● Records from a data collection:
*****
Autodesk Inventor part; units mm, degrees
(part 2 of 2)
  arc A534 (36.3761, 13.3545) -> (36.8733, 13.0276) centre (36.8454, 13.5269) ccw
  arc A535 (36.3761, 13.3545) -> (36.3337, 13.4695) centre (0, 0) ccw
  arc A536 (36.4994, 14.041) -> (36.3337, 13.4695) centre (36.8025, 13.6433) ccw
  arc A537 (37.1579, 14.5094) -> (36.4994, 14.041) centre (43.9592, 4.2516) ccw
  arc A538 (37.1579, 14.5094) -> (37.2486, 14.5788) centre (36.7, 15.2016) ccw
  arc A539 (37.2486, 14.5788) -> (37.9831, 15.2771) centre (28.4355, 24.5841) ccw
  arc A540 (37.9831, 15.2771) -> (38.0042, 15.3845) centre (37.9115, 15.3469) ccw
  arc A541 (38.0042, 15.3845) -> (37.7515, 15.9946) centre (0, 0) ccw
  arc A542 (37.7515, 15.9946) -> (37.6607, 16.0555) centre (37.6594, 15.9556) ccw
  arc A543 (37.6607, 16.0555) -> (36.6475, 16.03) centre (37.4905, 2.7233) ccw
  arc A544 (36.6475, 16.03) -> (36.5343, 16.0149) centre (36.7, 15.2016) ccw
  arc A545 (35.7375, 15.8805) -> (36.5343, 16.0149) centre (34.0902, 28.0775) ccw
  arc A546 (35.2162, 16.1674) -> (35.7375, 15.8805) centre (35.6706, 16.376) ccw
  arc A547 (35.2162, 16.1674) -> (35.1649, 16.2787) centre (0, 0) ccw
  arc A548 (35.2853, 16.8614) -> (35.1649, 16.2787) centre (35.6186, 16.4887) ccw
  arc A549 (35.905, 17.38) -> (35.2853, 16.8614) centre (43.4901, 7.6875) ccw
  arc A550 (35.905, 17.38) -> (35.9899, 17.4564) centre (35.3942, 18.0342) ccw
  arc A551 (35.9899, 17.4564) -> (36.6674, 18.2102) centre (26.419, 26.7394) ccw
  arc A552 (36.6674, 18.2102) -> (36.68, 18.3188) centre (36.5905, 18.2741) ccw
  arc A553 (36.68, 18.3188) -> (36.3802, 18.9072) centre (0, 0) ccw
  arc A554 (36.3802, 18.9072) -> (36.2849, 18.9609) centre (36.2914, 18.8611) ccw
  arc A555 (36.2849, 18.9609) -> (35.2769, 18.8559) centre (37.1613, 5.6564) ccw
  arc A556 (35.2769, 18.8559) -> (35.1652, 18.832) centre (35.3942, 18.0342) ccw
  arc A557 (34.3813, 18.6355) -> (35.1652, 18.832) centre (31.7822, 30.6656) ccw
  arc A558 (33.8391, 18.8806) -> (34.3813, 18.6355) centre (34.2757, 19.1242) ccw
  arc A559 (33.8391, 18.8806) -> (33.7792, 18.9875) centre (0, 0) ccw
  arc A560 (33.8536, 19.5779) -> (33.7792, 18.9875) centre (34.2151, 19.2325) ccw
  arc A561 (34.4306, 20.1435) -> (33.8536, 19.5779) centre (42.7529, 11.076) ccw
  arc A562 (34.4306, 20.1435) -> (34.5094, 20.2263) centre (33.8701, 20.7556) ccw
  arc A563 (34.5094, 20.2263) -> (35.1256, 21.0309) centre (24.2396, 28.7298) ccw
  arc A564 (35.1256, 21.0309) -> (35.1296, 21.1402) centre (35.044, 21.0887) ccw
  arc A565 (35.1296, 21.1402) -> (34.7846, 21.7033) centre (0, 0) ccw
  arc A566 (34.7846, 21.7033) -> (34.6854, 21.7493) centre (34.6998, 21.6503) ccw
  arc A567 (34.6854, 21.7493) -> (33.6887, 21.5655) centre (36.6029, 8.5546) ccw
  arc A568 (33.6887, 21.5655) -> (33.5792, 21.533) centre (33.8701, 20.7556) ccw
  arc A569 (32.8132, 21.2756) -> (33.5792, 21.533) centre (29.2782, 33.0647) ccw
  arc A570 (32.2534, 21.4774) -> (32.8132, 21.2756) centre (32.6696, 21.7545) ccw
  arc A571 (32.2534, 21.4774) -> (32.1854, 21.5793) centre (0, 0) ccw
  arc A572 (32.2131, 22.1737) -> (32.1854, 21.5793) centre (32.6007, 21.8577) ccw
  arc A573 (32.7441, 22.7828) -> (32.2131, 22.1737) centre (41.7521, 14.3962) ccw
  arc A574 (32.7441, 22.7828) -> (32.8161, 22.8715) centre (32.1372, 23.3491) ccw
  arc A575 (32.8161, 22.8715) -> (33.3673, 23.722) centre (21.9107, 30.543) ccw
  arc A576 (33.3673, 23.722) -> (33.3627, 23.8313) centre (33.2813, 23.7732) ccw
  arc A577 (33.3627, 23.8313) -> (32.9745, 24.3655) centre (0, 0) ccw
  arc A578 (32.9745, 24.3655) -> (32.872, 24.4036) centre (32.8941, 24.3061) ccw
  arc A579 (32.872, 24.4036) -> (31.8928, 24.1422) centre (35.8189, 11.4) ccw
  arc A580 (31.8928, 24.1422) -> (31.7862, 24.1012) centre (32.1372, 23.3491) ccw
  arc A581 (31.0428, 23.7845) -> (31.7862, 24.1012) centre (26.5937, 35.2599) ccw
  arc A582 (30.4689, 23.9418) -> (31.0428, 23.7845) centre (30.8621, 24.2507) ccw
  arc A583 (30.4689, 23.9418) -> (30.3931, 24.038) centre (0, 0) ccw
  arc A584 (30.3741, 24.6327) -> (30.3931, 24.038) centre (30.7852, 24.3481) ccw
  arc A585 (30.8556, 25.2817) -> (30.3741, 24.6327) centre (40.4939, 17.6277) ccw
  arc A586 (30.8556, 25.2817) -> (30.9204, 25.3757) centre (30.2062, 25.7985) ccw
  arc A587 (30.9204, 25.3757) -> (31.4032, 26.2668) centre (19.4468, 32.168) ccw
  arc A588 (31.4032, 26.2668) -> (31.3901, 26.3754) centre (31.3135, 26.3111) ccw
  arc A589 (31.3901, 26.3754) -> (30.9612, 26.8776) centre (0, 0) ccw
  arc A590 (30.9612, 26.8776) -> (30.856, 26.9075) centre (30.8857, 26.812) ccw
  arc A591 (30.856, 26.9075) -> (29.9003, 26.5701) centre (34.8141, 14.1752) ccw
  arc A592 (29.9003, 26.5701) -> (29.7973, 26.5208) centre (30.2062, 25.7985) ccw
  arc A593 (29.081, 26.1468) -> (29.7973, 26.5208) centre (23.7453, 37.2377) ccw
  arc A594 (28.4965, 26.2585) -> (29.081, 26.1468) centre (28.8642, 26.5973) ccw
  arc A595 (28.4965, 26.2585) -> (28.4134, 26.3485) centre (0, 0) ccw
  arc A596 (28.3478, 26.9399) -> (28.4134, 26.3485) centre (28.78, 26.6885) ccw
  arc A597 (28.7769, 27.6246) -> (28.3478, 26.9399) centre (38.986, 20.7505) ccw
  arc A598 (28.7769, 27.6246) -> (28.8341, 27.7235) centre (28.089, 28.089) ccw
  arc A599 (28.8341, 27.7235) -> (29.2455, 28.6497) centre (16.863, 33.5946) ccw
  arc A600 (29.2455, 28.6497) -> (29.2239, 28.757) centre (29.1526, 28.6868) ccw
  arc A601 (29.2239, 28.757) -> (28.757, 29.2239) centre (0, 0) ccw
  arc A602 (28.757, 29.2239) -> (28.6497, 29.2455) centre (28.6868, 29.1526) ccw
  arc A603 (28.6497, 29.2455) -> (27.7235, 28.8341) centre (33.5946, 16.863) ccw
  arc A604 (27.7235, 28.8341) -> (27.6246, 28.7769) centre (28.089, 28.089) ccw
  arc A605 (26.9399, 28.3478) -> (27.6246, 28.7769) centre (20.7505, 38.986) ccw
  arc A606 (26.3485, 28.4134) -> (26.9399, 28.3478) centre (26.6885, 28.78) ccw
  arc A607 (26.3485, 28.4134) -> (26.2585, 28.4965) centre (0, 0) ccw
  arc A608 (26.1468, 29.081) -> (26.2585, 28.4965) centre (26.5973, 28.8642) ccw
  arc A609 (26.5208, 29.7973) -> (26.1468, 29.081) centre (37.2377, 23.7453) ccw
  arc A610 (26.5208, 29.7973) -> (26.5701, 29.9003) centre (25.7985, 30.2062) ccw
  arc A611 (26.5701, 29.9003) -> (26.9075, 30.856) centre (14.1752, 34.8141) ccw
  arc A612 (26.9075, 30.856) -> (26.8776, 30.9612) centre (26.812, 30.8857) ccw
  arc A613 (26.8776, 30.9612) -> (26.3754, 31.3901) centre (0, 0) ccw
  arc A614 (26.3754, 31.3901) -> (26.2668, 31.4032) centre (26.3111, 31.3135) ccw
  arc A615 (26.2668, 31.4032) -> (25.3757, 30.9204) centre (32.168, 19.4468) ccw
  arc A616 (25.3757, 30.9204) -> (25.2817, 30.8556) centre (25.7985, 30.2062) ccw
*****
Scan the data above and copy every line with "part" in it.

Autodesk Inventor part; units mm, degrees
(part 2 of 2)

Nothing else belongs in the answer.